Elon Musk withdraws lawsuit against OpenAI and Sam Altman

Elon Musk on Tuesday dropped his lawsuit against OpenAI, the maker of the online chatbot ChatGPT, a day before a state judge in San Francisco was expected to consider whether it should be dismissed.

The lawsuit, filed in February, accused the artificial intelligence start-up and two of its founders, Sam Altman and Greg Brockman, of violating OpenAI's founding agreement by prioritizing commercial interests over the public good.

A multibillion-dollar partnership that OpenAI signed with Microsoft, Musk's lawsuit argued, represented an abandonment of the company's commitment to carefully develop artificial intelligence and make the technology available to the public.

Musk had argued that the founding contract stipulated that the organization should instead focus on building artificial general intelligence, or AGI, a machine capable of doing everything the brain does, for the benefit of humanity.
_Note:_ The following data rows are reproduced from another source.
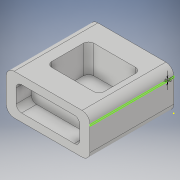
# Autodesk Inventor part: Body EM'
Saved by Autodesk Inventor 2017 (Build 210142000, 142)
## iProperties
Created: 2020-02-13
Part Number: Body EM'
Material: Generic
Document SubType Name: Modeling
Designer: 10042265
Density: 1 g/cm^3
Appearance: Default
Author: 10042265
Autodesk Inventor part; units mm, degrees
ref_plane "YZ Plane" through (0, 0, 0) normal (1, 0, 0) x (0, 1, 0)
ref_plane "XZ Plane" through (0, 0, 0) normal (0, 1, 0) x (-1, 0, 0)
ref_plane "XY Plane" through (0, 0, 0) normal (0, 0, 1) x (1, 0, 0)
sketch "Sketch1" plane through (0, 0, 0) normal (0, 0, 1) x (1, 0, 0)
  line L0 (7.62, 0) -> (72.898, 0)
  line L1 (0, 7.62) -> (0, 31.242)
  line L2 (7.62, 38.862) -> (72.898, 38.862)
  line L3 (80.518, 31.242) -> (80.518, 7.62)
  arc A0 (7.62, 38.862) -> (0, 31.242) centre (7.62, 31.242) ccw
  arc A1 (80.518, 31.242) -> (72.898, 38.862) centre (72.898, 31.242) ccw
  arc A2 (72.898, 0) -> (80.518, 7.62) centre (72.898, 7.62) ccw
  arc A3 (0, 7.62) -> (7.62, 0) centre (7.62, 7.62) ccw
  point P0 (0, 0)
  point P1 (80.518, 0)
  point P2 (0, 38.862)
  dimension "d2" = 80.518
  dimension "d3" = 38.862
  dimension "d4" = 7.62
  dimension "d5" = 7.62
  dimension "d6" = 7.62
  dimension "d7" = 7.62
  constraints: 8 end point, 8 point on circle, 8 tangent, 6 point on line, 4 centre point, 2 perpendicular, 1 horizontal, 1 vertical
  measures "d2" distance of point (0, 0) point (80.518, 0)
  measures "d3" distance of point (0, 0) point (0, 38.862)
  measures "d4" radius of A0
  measures "d5" radius of A1
  measures "d6" radius of A2
  measures "d7" radius of A3
extrude "Extrusion1" add sketch "Sketch1" along normal blind 80.518
sketch "Sketch2" plane through (0, 0, 80.518) normal (0, 0, 1) x (1, 0, 0)
  line L0 (14.732, 7.62) -> (65.532, 7.62)
  line L1 (70.612, 12.7) -> (70.612, 26.162)
  line L2 (65.532, 31.242) -> (14.732, 31.242)
  line L3 (9.652, 26.162) -> (9.652, 12.7)
  arc A0 (14.732, 31.242) -> (9.652, 26.162) centre (14.732, 26.162) ccw
  arc A1 (70.612, 26.162) -> (65.532, 31.242) centre (65.532, 26.162) ccw
  arc A2 (65.532, 7.62) -> (70.612, 12.7) centre (65.532, 12.7) ccw
  arc A3 (9.652, 12.7) -> (14.732, 7.62) centre (14.732, 12.7) ccw
  point P0 (0, 0)
  point P1 (9.652, 7.62)
  point P2 (70.612, 7.62)
  point P3 (70.612, 31.242)
  dimension "d12" = 60.96
  dimension "d13" = 23.622
  dimension "d16" = 5.08
  constraints: 8 end point, 8 point on circle, 8 tangent, 6 point on line, 4 centre point, 3 equal radius, 2 perpendicular, 1 horizontal, 1 vertical
  measures "d12" distance of point (9.652, 7.62) point (70.612, 7.62)
  measures "d13" distance of point (70.612, 7.62) point (70.612, 31.242)
  measures "d16" radius of A0
extrude "Extrusion2" cut sketch "Sketch2" against normal blind 14.478
sketch "Sketch3" plane through (7.62, 38.862, 0) normal (0, 1, 0) x (1, 0, 0)
  line L0 (60.198, -54.2068) -> (60.198, -23.9808)
  line L1 (55.118, -18.9008) -> (14.986, -18.9008)
  line L2 (9.906, -23.9808) -> (9.906, -54.2068)
  line L3 (14.986, -59.2868) -> (55.118, -59.2868)
  line L4 (72.898, 0) -> (72.898, -80.518) projected
  arc A0 (14.986, -18.9008) -> (9.906, -23.9808) centre (14.986, -23.9808) ccw
  arc A1 (60.198, -23.9808) -> (55.118, -18.9008) centre (55.118, -23.9808) ccw
  arc A2 (55.118, -59.2868) -> (60.198, -54.2068) centre (55.118, -54.2068) ccw
  arc A3 (9.906, -54.2068) -> (14.986, -59.2868) centre (14.986, -54.2068) ccw
  point P0 (-7.62, 0)
  point P1 (60.198, -59.2868)
  point P2 (60.198, -18.9008)
  point P3 (9.906, -18.9008)
  point P4 (9.906, -59.2868)
  dimension "d19" = 40.386
  dimension "d20" = 50.292
  dimension "d21" = 12.7
  dimension "d33" = 5.08
  constraints: 8 end point, 8 point on circle, 8 point on line, 8 tangent, 4 centre point, 3 equal radius, 2 perpendicular, 1 horizontal
  measures "d19" distance of point (60.198, -59.287) point (60.198, -18.901)
  measures "d20" distance of point (60.198, -18.901) point (9.906, -18.901)
  measures "d21" distance between parallel lines of L4 L0
  measures "d33" radius of A0
extrude "Extrusion3" cut sketch "Sketch3" against normal blind 27.178
sketch "Sketch4" plane through (0, 0, 0) normal (0, 0, -1) x (-1, 0, 0)
  line L0 (-8.6279, 26.924) -> (-8.6279, 11.684)
  line L1 (-72.1279, 11.684) -> (-72.1279, 26.924)
  line L2 (-67.0479, 32.004) -> (-13.7079, 32.004)
  line L3 (-13.7079, 6.604) -> (-67.0479, 6.604)
  arc A0 (-67.0479, 32.004) -> (-72.1279, 26.924) centre (-67.0479, 26.924) ccw
  arc A1 (-8.6279, 26.924) -> (-13.7079, 32.004) centre (-13.7079, 26.924) ccw
  arc A2 (-13.7079, 6.604) -> (-8.6279, 11.684) centre (-13.7079, 11.684) ccw
  arc A3 (-72.1279, 11.684) -> (-67.0479, 6.604) centre (-67.0479, 11.684) ccw
  point P0 (0, 0)
  point P1 (-8.6279, 32.004)
  point P2 (-8.6279, 6.604)
  point P3 (-72.1279, 6.604)
  point P4 (-72.1279, 32.004)
  dimension "d26" = 25.4
  dimension "d27" = 63.5
  dimension "d29" = 25.4
  dimension "d30" = 5.08
  constraints: 8 end point, 8 point on circle, 8 point on line, 8 tangent, 4 centre point, 3 equal radius, 1 horizontal, 1 perpendicular
  measures "d26" distance of point (-8.628, 32.004) point (-8.628, 6.604)
  measures "d27" distance of point (-8.628, 6.604) point (-72.128, 6.604)
  measures "d29" distance of point (-72.128, 6.604) point (-72.128, 32.004)
  measures "d30" radius of A0
extrude "Extrusion4" cut sketch "Sketch4" against normal blind 14.478
sketch "Sketch5" plane through (80.518, 7.62, 0) normal (1, 0, 0) x (0, 0, -1)
  line L0 (-80.518, 23.622) -> (0, 23.622)
  line L1 (0, 23.622) -> (-80.518, 23.622) projected
  line L2 (0, 23.622) -> (0, 22.098)
  line L3 (0, 22.098) -> (-80.518, 22.098)
  line L4 (-80.518, 23.622) -> (-66.04, 23.622) projected
  line L5 (-80.518, 22.098) -> (-80.518, 23.622)
  line L6 (-80.518, 23.622) -> (-80.518, 22.098)
  point P0 (0, -7.62)
  dimension "d34" = 1.524
  constraints: 10 end point, 2 perpendicular, 1 horizontal
  measures "d34" distance of L0.end L2.end
body "Solid1"

San Francisco-based OpenAI had filed for dismissal just days after Musk filed the lawsuit. He could still file the lawsuit in California or another state.

Mr Musk did not immediately respond to a request for comment and OpenAI declined to comment.

Mr. Musk helped found OpenAI in 2015 along with Mr. Altman, Mr. Brockman and several young artificial intelligence researchers. He saw the research lab as a response to the artificial intelligence work being done by Google at the time. Musk believed that Google and its co-founder, Larry Page, were not adequately concerned about the risks that artificial intelligence presented to humanity.

Musk split from OpenAI after a power struggle in 2018. The company then became a leader in AI technology, creating ChatGPT, a chatbot that can generate text and answer questions in human-like prose.

Musk founded his own artificial intelligence company called xAI last year, repeatedly arguing that OpenAI was not sufficiently focused on the dangers of the technology.

He filed the lawsuit weeks after OpenAI board members unexpectedly fired Mr. Altman, saying they could no longer be trusted with the company's mission to build artificial intelligence for the good of humanity. Mr. Altman was reinstated after five days of negotiations with the board of directors and soon consolidated his control over the company, claiming a seat on the board of directors.

Late last month, OpenAI announced that it had begun work on a new AI model that would succeed the GPT-4 technology that drives ChatGPT. The company said it expects the new model to bring “the next level of capability” as it strives to build AGI

The company also said it is creating a new safety and security committee to explore how to manage the risks posed by the new model and future technologies.